A note about small things.
March 30, 2012

Yesterday was my due date with Aurora.  It started out as a pretty glum day, but around noon we learned that some of our very closest family friends welcomed a new life into the world in the morning.  I know that the two aren’t really linked…but somehow I cannot help feeling that they are.  The incurable idealistic hippie in me likes to think that we are all connected just a little bit and that everything happens for a reason, you know?

On that note, Aurora’s pomegranate tree and Zachary’s apple tree are both alive and well.  Aurora’s tree is out of it’s dormancy and I will post pictures next week so that you can see what a beautiful, hardy little thing it is.  I also ordered this Momma necklace in the end.  It was actually very difficult for me to purchase - not because I was an emotional wreck or anything, but because since Charlotte’s birth, I just…don’t…buy things for myself.  Does anyone else feel a little guilty if they spend money on themselves instead of on their kid?

In other news, it is ladybug season again.  The aphids descended upon our yard about a month ago and the ladybugs followed a couple weeks later.  Everywhere you look, our yard is teeming with ladybugs by the dozens.  It is Charlotte’s favorite season by far - and in a moment of absolute brilliance, do you know what she remembered without any prompting?  She remembered that LAST YEAR we “played aphids.“

It took me awhile to figure out what she was talking about, but then I remembered.  When the ladybugs came out last year, I talked to her about aphids and read books about them to her.  Then we went outside and played a sort of makeshift tag where I was the ladybug and she was the aphid and it was my job to catch her and eat her up.

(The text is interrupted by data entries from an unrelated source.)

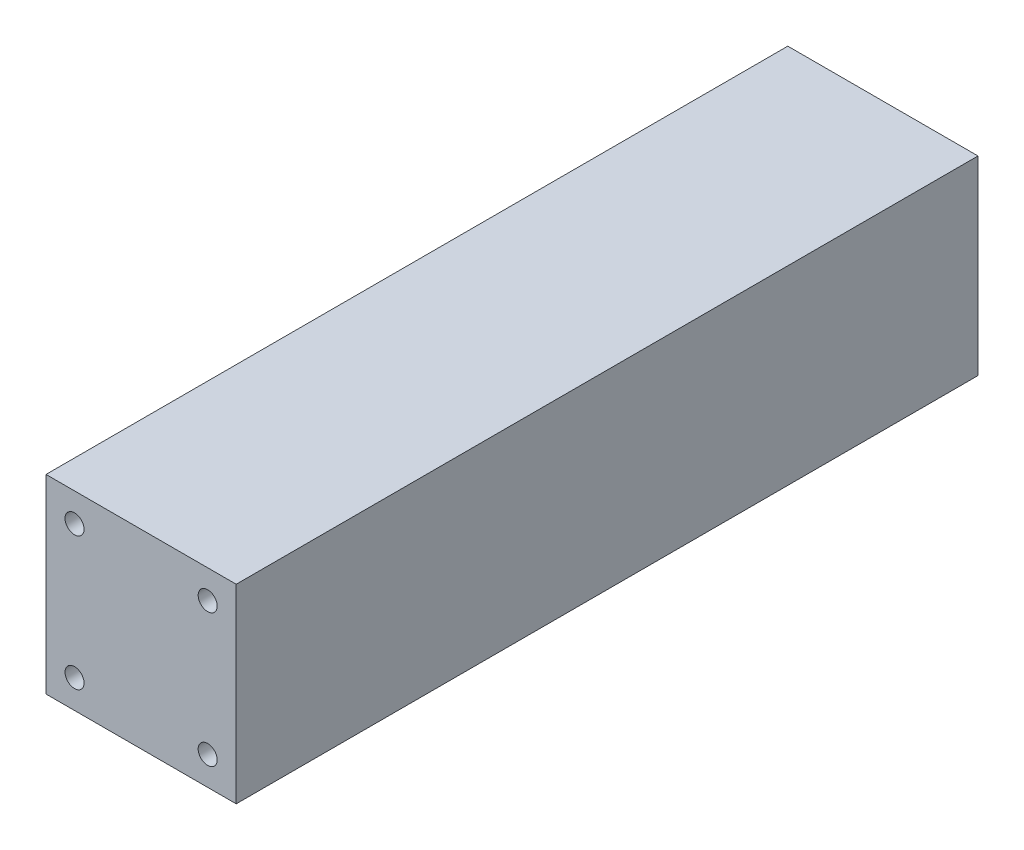
ISO-10303-21;
HEADER;
FILE_DESCRIPTION(('STEP AP214'),'2;1');
FILE_NAME('part.step','',(''),(''),'','','');
FILE_SCHEMA(('AUTOMOTIVE_DESIGN { 1 0 10303 214 1 1 1 1 }'));
ENDSEC;
DATA;
#1=APPLICATION_CONTEXT('core data for automotive mechanical design processes');
#2=APPLICATION_PROTOCOL_DEFINITION('international standard','automotive_design',2000,#1);
#3=PRODUCT_CONTEXT('',#1,'mechanical');
#4=PRODUCT('Part','Part','',(#3));
#5=PRODUCT_RELATED_PRODUCT_CATEGORY('part','',(#4));
#6=PRODUCT_DEFINITION_FORMATION('','',#4);
#7=PRODUCT_DEFINITION_CONTEXT('part definition',#1,'design');
#8=PRODUCT_DEFINITION('design','',#6,#7);
#9=PRODUCT_DEFINITION_SHAPE('','',#8);
#10=(LENGTH_UNIT() NAMED_UNIT(*) SI_UNIT(.MILLI.,.METRE.));
#11=(NAMED_UNIT(*) PLANE_ANGLE_UNIT() SI_UNIT($,.RADIAN.));
#12=(NAMED_UNIT(*) SI_UNIT($,.STERADIAN.) SOLID_ANGLE_UNIT());
#13=UNCERTAINTY_MEASURE_WITH_UNIT(LENGTH_MEASURE(1.E-05),#10,'distance_accuracy_value','');
#14=(GEOMETRIC_REPRESENTATION_CONTEXT(3) GLOBAL_UNCERTAINTY_ASSIGNED_CONTEXT((#13)) GLOBAL_UNIT_ASSIGNED_CONTEXT((#10,
#11,#12)) REPRESENTATION_CONTEXT('',''));
#15=CARTESIAN_POINT('',(0.,0.,0.));
#16=DIRECTION('',(0.,0.,1.));
#17=DIRECTION('',(1.,0.,0.));
#18=AXIS2_PLACEMENT_3D('',#15,#16,#17);
#19=CARTESIAN_POINT('',(-63.5,63.5,495.3));
#20=DIRECTION('',(1.,0.,0.));
#21=DIRECTION('',(0.,1.,0.));
#22=AXIS2_PLACEMENT_3D('',#19,#20,#21);
#23=PLANE('',#22);
#24=DIRECTION('',(0.,-1.,0.));
#25=VECTOR('',#24,1.);
#26=CARTESIAN_POINT('',(-63.5,63.5,0.));
#27=LINE('',#26,#25);
#28=CARTESIAN_POINT('',(-63.5,63.5,0.));
#29=VERTEX_POINT('',#28);
#30=CARTESIAN_POINT('',(-63.5,-63.5,0.));
#31=VERTEX_POINT('',#30);
#32=EDGE_CURVE('E211',#29,#31,#27,.T.);
#33=ORIENTED_EDGE('',*,*,#32,.T.);
#34=DIRECTION('',(0.,0.,-1.));
#35=VECTOR('',#34,1.);
#36=CARTESIAN_POINT('',(-63.5,-63.5,495.3));
#37=LINE('',#36,#35);
#38=CARTESIAN_POINT('',(-63.5,-63.5,495.3));
#39=VERTEX_POINT('',#38);
#40=EDGE_CURVE('E11',#39,#31,#37,.T.);
#41=ORIENTED_EDGE('',*,*,#40,.F.);
#42=DIRECTION('',(0.,-1.,0.));
#43=VECTOR('',#42,1.);
#44=CARTESIAN_POINT('',(-63.5,63.5,495.3));
#45=LINE('',#44,#43);
#46=CARTESIAN_POINT('',(-63.5,63.5,495.3));
#47=VERTEX_POINT('',#46);
#48=EDGE_CURVE('E212',#47,#39,#45,.T.);
#49=ORIENTED_EDGE('',*,*,#48,.F.);
#50=DIRECTION('',(0.,0.,-1.));
#51=VECTOR('',#50,1.);
#52=CARTESIAN_POINT('',(-63.5,63.5,495.3));
#53=LINE('',#52,#51);
#54=EDGE_CURVE('E218',#47,#29,#53,.T.);
#55=ORIENTED_EDGE('',*,*,#54,.T.);
#56=EDGE_LOOP('',(#33,#41,#49,#55));
#57=FACE_BOUND('',#56,.T.);
#58=ADVANCED_FACE('F38',(#57),#23,.F.);
#59=CARTESIAN_POINT('',(-63.5,-63.5,495.3));
#60=DIRECTION('',(0.,1.,0.));
#61=DIRECTION('',(-1.,0.,0.));
#62=AXIS2_PLACEMENT_3D('',#59,#60,#61);
#63=PLANE('',#62);
#64=DIRECTION('',(1.,0.,0.));
#65=VECTOR('',#64,1.);
#66=CARTESIAN_POINT('',(-63.5,-63.5,0.));
#67=LINE('',#66,#65);
#68=CARTESIAN_POINT('',(63.5,-63.5,0.));
#69=VERTEX_POINT('',#68);
#70=EDGE_CURVE('E221',#31,#69,#67,.T.);
#71=ORIENTED_EDGE('',*,*,#70,.T.);
#72=DIRECTION('',(0.,0.,-1.));
#73=VECTOR('',#72,1.);
#74=CARTESIAN_POINT('',(63.5,-63.5,495.3));
#75=LINE('',#74,#73);
#76=CARTESIAN_POINT('',(63.5,-63.5,495.3));
#77=VERTEX_POINT('',#76);
#78=EDGE_CURVE('E46',#77,#69,#75,.T.);
#79=ORIENTED_EDGE('',*,*,#78,.F.);
#80=DIRECTION('',(1.,0.,0.));
#81=VECTOR('',#80,1.);
#82=CARTESIAN_POINT('',(-63.5,-63.5,495.3));
#83=LINE('',#82,#81);
#84=EDGE_CURVE('E85',#39,#77,#83,.T.);
#85=ORIENTED_EDGE('',*,*,#84,.F.);
#86=ORIENTED_EDGE('',*,*,#40,.T.);
#87=EDGE_LOOP('',(#71,#79,#85,#86));
#88=FACE_BOUND('',#87,.T.);
#89=ADVANCED_FACE('F245',(#88),#63,.F.);
#90=CARTESIAN_POINT('',(63.5,63.5,495.3));
#91=DIRECTION('',(-1.,0.,0.));
#92=DIRECTION('',(0.,-1.,0.));
#93=AXIS2_PLACEMENT_3D('',#90,#91,#92);
#94=PLANE('',#93);
#95=DIRECTION('',(0.,1.,0.));
#96=VECTOR('',#95,1.);
#97=CARTESIAN_POINT('',(63.5,63.5,0.));
#98=LINE('',#97,#96);
#99=CARTESIAN_POINT('',(63.5,63.5,0.));
#100=VERTEX_POINT('',#99);
#101=EDGE_CURVE('E72',#69,#100,#98,.T.);
#102=ORIENTED_EDGE('',*,*,#101,.T.);
#103=DIRECTION('',(0.,0.,-1.));
#104=VECTOR('',#103,1.);
#105=CARTESIAN_POINT('',(63.5,63.5,495.3));
#106=LINE('',#105,#104);
#107=CARTESIAN_POINT('',(63.5,63.5,495.3));
#108=VERTEX_POINT('',#107);
#109=EDGE_CURVE('E226',#108,#100,#106,.T.);
#110=ORIENTED_EDGE('',*,*,#109,.F.);
#111=DIRECTION('',(0.,1.,0.));
#112=VECTOR('',#111,1.);
#113=CARTESIAN_POINT('',(63.5,63.5,495.3));
#114=LINE('',#113,#112);
#115=EDGE_CURVE('E215',#77,#108,#114,.T.);
#116=ORIENTED_EDGE('',*,*,#115,.F.);
#117=ORIENTED_EDGE('',*,*,#78,.T.);
#118=EDGE_LOOP('',(#102,#110,#116,#117));
#119=FACE_BOUND('',#118,.T.);
#120=ADVANCED_FACE('F228',(#119),#94,.F.);
#121=CARTESIAN_POINT('',(-63.5,63.5,495.3));
#122=DIRECTION('',(0.,-1.,0.));
#123=DIRECTION('',(0.,0.,-1.));
#124=AXIS2_PLACEMENT_3D('',#121,#122,#123);
#125=PLANE('',#124);
#126=DIRECTION('',(-1.,0.,0.));
#127=VECTOR('',#126,1.);
#128=CARTESIAN_POINT('',(-63.5,63.5,0.));
#129=LINE('',#128,#127);
#130=EDGE_CURVE('E78',#100,#29,#129,.T.);
#131=ORIENTED_EDGE('',*,*,#130,.T.);
#132=ORIENTED_EDGE('',*,*,#54,.F.);
#133=DIRECTION('',(-1.,0.,0.));
#134=VECTOR('',#133,1.);
#135=CARTESIAN_POINT('',(-63.5,63.5,495.3));
#136=LINE('',#135,#134);
#137=EDGE_CURVE('E54',#108,#47,#136,.T.);
#138=ORIENTED_EDGE('',*,*,#137,.F.);
#139=ORIENTED_EDGE('',*,*,#109,.T.);
#140=EDGE_LOOP('',(#131,#132,#138,#139));
#141=FACE_BOUND('',#140,.T.);
#142=ADVANCED_FACE('F235',(#141),#125,.F.);
#143=CARTESIAN_POINT('',(-63.5,-63.5,495.3));
#144=DIRECTION('',(0.,0.,1.));
#145=DIRECTION('',(1.,0.,0.));
#146=AXIS2_PLACEMENT_3D('',#143,#144,#145);
#147=PLANE('',#146);
#148=CARTESIAN_POINT('',(44.45,44.45,495.3));
#149=DIRECTION('',(0.,0.,1.));
#150=DIRECTION('',(1.,0.,0.));
#151=AXIS2_PLACEMENT_3D('',#148,#149,#150);
#152=CIRCLE('',#151,6.34999999999999);
#153=CARTESIAN_POINT('',(50.8,44.45,495.3));
#154=VERTEX_POINT('',#153);
#155=EDGE_CURVE('E163',#154,#154,#152,.T.);
#156=ORIENTED_EDGE('',*,*,#155,.F.);
#157=EDGE_LOOP('',(#156));
#158=FACE_BOUND('',#157,.T.);
#159=CARTESIAN_POINT('',(44.45,-44.45,495.3));
#160=DIRECTION('',(0.,0.,1.));
#161=DIRECTION('',(1.,0.,0.));
#162=AXIS2_PLACEMENT_3D('',#159,#160,#161);
#163=CIRCLE('',#162,6.34999999999999);
#164=CARTESIAN_POINT('',(50.8,-44.45,495.3));
#165=VERTEX_POINT('',#164);
#166=EDGE_CURVE('E175',#165,#165,#163,.T.);
#167=ORIENTED_EDGE('',*,*,#166,.F.);
#168=EDGE_LOOP('',(#167));
#169=FACE_BOUND('',#168,.T.);
#170=CARTESIAN_POINT('',(-44.45,-44.45,495.3));
#171=DIRECTION('',(0.,0.,1.));
#172=DIRECTION('',(1.,0.,0.));
#173=AXIS2_PLACEMENT_3D('',#170,#171,#172);
#174=CIRCLE('',#173,6.34999999999999);
#175=CARTESIAN_POINT('',(-38.1,-44.45,495.3));
#176=VERTEX_POINT('',#175);
#177=EDGE_CURVE('E187',#176,#176,#174,.T.);
#178=ORIENTED_EDGE('',*,*,#177,.F.);
#179=EDGE_LOOP('',(#178));
#180=FACE_BOUND('',#179,.T.);
#181=CARTESIAN_POINT('',(-44.45,44.45,495.3));
#182=DIRECTION('',(0.,0.,1.));
#183=DIRECTION('',(1.,0.,0.));
#184=AXIS2_PLACEMENT_3D('',#181,#182,#183);
#185=CIRCLE('',#184,6.34999999999999);
#186=CARTESIAN_POINT('',(-38.1,44.45,495.3));
#187=VERTEX_POINT('',#186);
#188=EDGE_CURVE('E199',#187,#187,#185,.T.);
#189=ORIENTED_EDGE('',*,*,#188,.F.);
#190=EDGE_LOOP('',(#189));
#191=FACE_BOUND('',#190,.T.);
#192=ORIENTED_EDGE('',*,*,#48,.T.);
#193=ORIENTED_EDGE('',*,*,#84,.T.);
#194=ORIENTED_EDGE('',*,*,#115,.T.);
#195=ORIENTED_EDGE('',*,*,#137,.T.);
#196=EDGE_LOOP('',(#192,#193,#194,#195));
#197=FACE_BOUND('',#196,.T.);
#198=ADVANCED_FACE('F237',(#158,#169,#180,#191,#197),#147,.T.);
#199=CARTESIAN_POINT('',(-63.5,-63.5,0.));
#200=DIRECTION('',(0.,0.,1.));
#201=DIRECTION('',(1.,0.,0.));
#202=AXIS2_PLACEMENT_3D('',#199,#200,#201);
#203=PLANE('',#202);
#204=CARTESIAN_POINT('',(44.45,44.45,0.));
#205=DIRECTION('',(0.,0.,-1.));
#206=DIRECTION('',(-1.,0.,0.));
#207=AXIS2_PLACEMENT_3D('',#204,#205,#206);
#208=CIRCLE('',#207,6.34999999999999);
#209=CARTESIAN_POINT('',(38.1,44.45,0.));
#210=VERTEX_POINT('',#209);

Every so often I meet someone who very strongly believes that filling up Charlotte’s days with fun is pointless.  “It’s not like she’ll remember it,“ they say.  I was about 2.5 years old at the time of my first memory (my dad woke me up at night and snuck me outside to see a frog by moonlight) and exactly 3 years old at the time of my second memory (I licked my birthday cake), so I’m pretty sure they’re right.  In ten years, Charlotte won’t remember “playing aphids” before her second birthday.

But she remembers it now and that makes all the effort worth it to me.

** Charlotte is two years and eight months old.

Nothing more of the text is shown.